SINS OF THE FATHER – TRACING THE DECISIONS THAT SHAPED THE IRISH ECONOMY
BY CONOR McCABE
(THE HISTORY PRESS IRELAND, €17)

WITH our shop bookshelves laden with vanity treatises on the economy, Conor McCabe’s ‘Sins of the Father’ is a refreshing change from the ‘how I foresaw the economic crash and how I told Bertie, Brian and Seánie, while we were playing golf, at a charity ball, sailing, in the Four Seasons, blah, blah, blah . . .’. It is, however, one of the most troubling books I have read this year.
‘Sins of the Father’ is not about the economic crash of the last decade; it is a detailed catalogue of some of the economic, political and social policies and political decisions that brought us to that crash.

Okay, we could therefore be speaking of a huge, biblical tome of multiple volumes and so McCabe focuses on housing, agriculture, industry and finance, and even in these areas he offers an incredibly concise analysis.
Here is the first reason that this book is troubling.

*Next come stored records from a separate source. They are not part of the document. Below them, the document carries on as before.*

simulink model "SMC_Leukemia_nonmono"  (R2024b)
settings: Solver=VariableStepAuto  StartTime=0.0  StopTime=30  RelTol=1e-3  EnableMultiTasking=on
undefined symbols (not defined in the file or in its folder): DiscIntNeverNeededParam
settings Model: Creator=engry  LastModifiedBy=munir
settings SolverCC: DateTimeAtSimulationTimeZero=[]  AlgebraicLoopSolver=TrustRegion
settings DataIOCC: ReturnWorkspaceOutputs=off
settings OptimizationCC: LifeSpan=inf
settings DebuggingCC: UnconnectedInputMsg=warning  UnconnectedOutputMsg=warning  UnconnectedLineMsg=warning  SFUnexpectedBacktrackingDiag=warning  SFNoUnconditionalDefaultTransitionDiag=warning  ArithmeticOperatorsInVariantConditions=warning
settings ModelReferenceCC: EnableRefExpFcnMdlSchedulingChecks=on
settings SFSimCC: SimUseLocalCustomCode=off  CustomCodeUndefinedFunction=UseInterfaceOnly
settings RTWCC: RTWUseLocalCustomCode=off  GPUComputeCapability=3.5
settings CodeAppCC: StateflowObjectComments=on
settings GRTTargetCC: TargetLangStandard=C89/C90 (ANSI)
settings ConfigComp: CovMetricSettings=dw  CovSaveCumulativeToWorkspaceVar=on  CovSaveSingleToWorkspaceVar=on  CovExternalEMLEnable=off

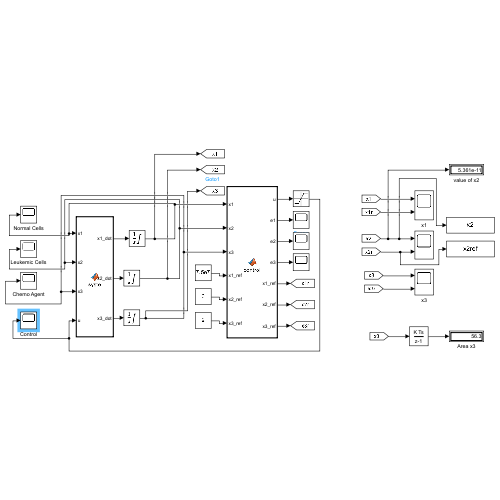
[thumbnail: Simulink's stored preview of the top-level diagram]
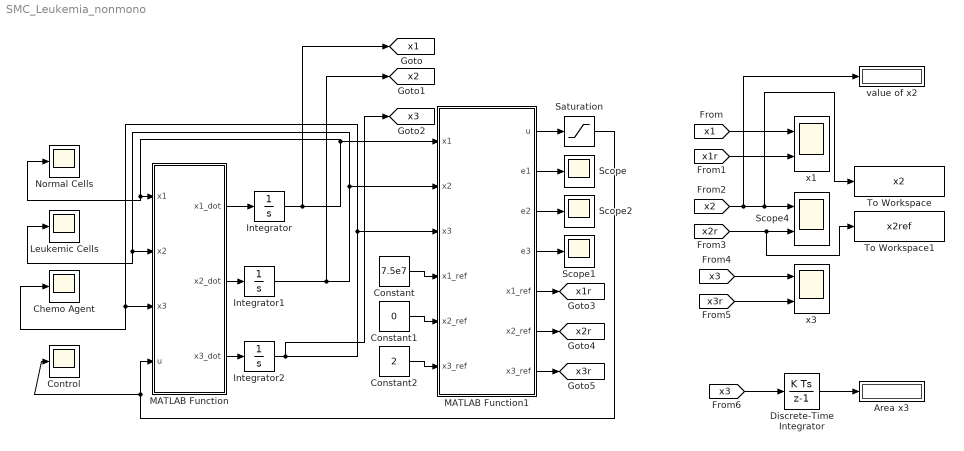
== system SMC_Leukemia_nonmono ==
  Area x3 : Display
  Chemo Agent : Scope
  Constant : Constant  Value=7.5e7
  Constant1 : Constant  Value=0
  Constant2 : Constant  Value=2
  Control : Scope
  Discrete-Time Integrator : DiscreteIntegrator  SampleTime=-1  ICPrevOutput=DiscIntNeverNeededParam  ICPrevScaledInput=DiscIntNeverNeededParam
  Integrator : Integrator  InitialCondition=1e8  LimitOutput=on  LowerSaturationLimit=7.5e7
  Integrator1 : Integrator  InitialCondition=1.8e8  LimitOutput=on  LowerSaturationLimit=0
  Integrator2 : Integrator  LimitOutput=on  UpperSaturationLimit=2  LowerSaturationLimit=0
  Leukemic Cells : Scope
  MATLAB Function : MATLAB Function  TreatAsAtomicUnit=on
  MATLAB Function1 : MATLAB Function  TreatAsAtomicUnit=on
  Normal Cells : Scope
  Saturation : Saturate  UpperLimit=1  LowerLimit=0  ZeroCross=off  RndMeth=Ceiling
  Scope : Scope
  Scope1 : Scope
  Scope2 : Scope
  Scope4 : Scope  NumInputPorts=2
  To Workspace : ToWorkspace  VariableName=x2  SampleTime=-1
      settings: Save2DSignal=2-D array (concatenate along first dimension)
  To Workspace1 : ToWorkspace  VariableName=x2ref  SampleTime=-1
      settings: Save2DSignal=2-D array (concatenate along first dimension)
  value of x2 : Display
  x1 : Scope  NumInputPorts=2
  x3 : Scope  NumInputPorts=2
  tag scope: x1=global, x1r=global, x2=global, x2r=global, x3=global, x3r=global
  wires:
  MATLAB Function/2(x2_dot) -> Integrator1/1
  MATLAB Function/3(x3_dot) -> Integrator2/1
  Integrator/1 -> Normal Cells/1, MATLAB Function/1(x1), MATLAB Function1/1(x1), [x1]
  Integrator2/1 -> [x3], Chemo Agent/1, MATLAB Function/3(x3), MATLAB Function1/3(x3)
  Constant/1 -> MATLAB Function1/4("x1_ref ")
  Constant1/1 -> MATLAB Function1/5("x2_ref ")
  Constant2/1 -> MATLAB Function1/6("x3_ref ")
  MATLAB Function1/1(u) -> Saturation/1
  Saturation/1 -> Control/1, MATLAB Function/4(u)
  MATLAB Function1/2(e1) -> Scope/1
  MATLAB Function1/3(e2) -> Scope2/1
  MATLAB Function1/4(e3) -> Scope1/1
  Integrator1/1 -> [x2], MATLAB Function/2(x2), Leukemic Cells/1, MATLAB Function1/2(x2)
  MATLAB Function/1(x1_dot) -> Integrator/1
  [x3r] -> x3/2
  [x1] -> x1/1
  [x2r] -> To Workspace1/1, Scope4/2
  [x3] -> x3/1
  [x1r] -> x1/2
  [x2] -> value of x2/1, To Workspace/1, Scope4/1
  MATLAB Function1/5(x1_ref) -> [x1r]
  MATLAB Function1/6(x2_ref) -> [x2r]
  MATLAB Function1/7(x3_ref) -> [x3r]
  [x3] -> Discrete-Time Integrator/1
  Discrete-Time Integrator/1 -> Area x3/1

== matlab function SMC_Leukemia_nonmono/MATLAB Function1 ==
  data: u output; e1 output; e2 output; e3 output; x1 input; x2 input; x3 input; x1_ref input; x2_ref input; x3_ref input; x1_ref output; x2_ref output; x3_ref output
function [u,e1,e2,e3,x1_ref,x2_ref,x3_ref]=control(x1,x2,x3,x1_ref,x2_ref,x3_ref)

r_l = 0.1;
r_n = 0.1;
lambda_l = 2.5;
lambda_n = 1.4;
La = 1e10;
Na = 1e10;
d = 0.4;
m1 = 0.04; %gamma_n
m2 = 0.04; %%gamma_l
c = 1e-1;
b1=0.01;
b2=0.01;

x1_dot = r_n * x1 *log(Na) - r_n*x1*real(log(complex(x1))) - m1*x1 - (c*x1*x2)/(1+x2)-lambda_n*x1*(x3 - b1*x3^2);

x2_dot = r_l*x2 *log(La) - r_l*x2*real(log(complex(x2))) - m2*x2 - lambda_l*x2*(x3-b2*x3^2);



a1=1e-15;
a2=1e-15;
a3=0.1;
alpha=0.95;
phi=0.75;
k=1;

e1=x1-x1_ref;
e2=x2-x2_ref;
e3=x3-x3_ref;

s=a1*e1+a2*e2+a3*e3;

u=(-k*((abs(s))^alpha)*(sign(s/phi))/a3) - (a1*x1_dot/a3) - (a2*x2_dot/a3) + (d*x3);

== matlab function SMC_Leukemia_nonmono/MATLAB Function ==
  data: x1 input; x1_dot output; x2 input; x3 input; x2_dot output; x3_dot output; u input
function[x1_dot, x2_dot, x3_dot] = syste(x1, x2, x3, u)

r_l = 0.1;
r_n = 0.1;
lambda_l = 2.5;
lambda_n = 1.4;
La = 1e10;
Na = 1e10;
d = 0.4;
m1 = 0.04;
m2 = 0.04;
c = 1e-1;
b1=0.01;
b2=0.01;

%System Model
x1_dot = r_n * x1 *log(Na) - r_n*x1*real(log(complex(x1))) - m1*x1 - (c*x1*x2)/(1+x2)-lambda_n*x1*(x3 - b1*x3^2);

x2_dot = r_l*x2 *log(La) - r_l*x2*real(log(complex(x2))) - m2*x2 - lambda_l*x2*(x3-b2*x3^2);

x3_dot = -d*x3 + u;

How was McCabe not in a rage when he drafted this text? It doesn’t come through as the book calmly introduces a myriad of examples of vested interest, privilege and economic elites trumping actual social need.
The stilted tone of the narrative gives an even greater bleakness to the text and this is only more troubling. On an ideological note, McCabe doesn’t bring the cliché of some previous socialist Left analyses to the text and it benefits hugely from this.
This is a plainly written book for any type of reader. It could and should be read and understood by social policy, economics or political science students and probably by many of their lecturers.
It says a lot about academic literature in Ireland that a text like this doesn’t already exist. This is another reason why the book is troubling: Why didn’t we do this before?
Finally, readers of a certain vintage will recognise some of the arguments and themes of political discussion in the 1970s, 1980s and 1990s (the work of agricultural economist Raymond Crotty in particular).
This is just one more reason the book is troubling. Have we really forgotten how we got here? Reading ‘Sins of the Father‘ reminds us that there is a lot of remembering to be done.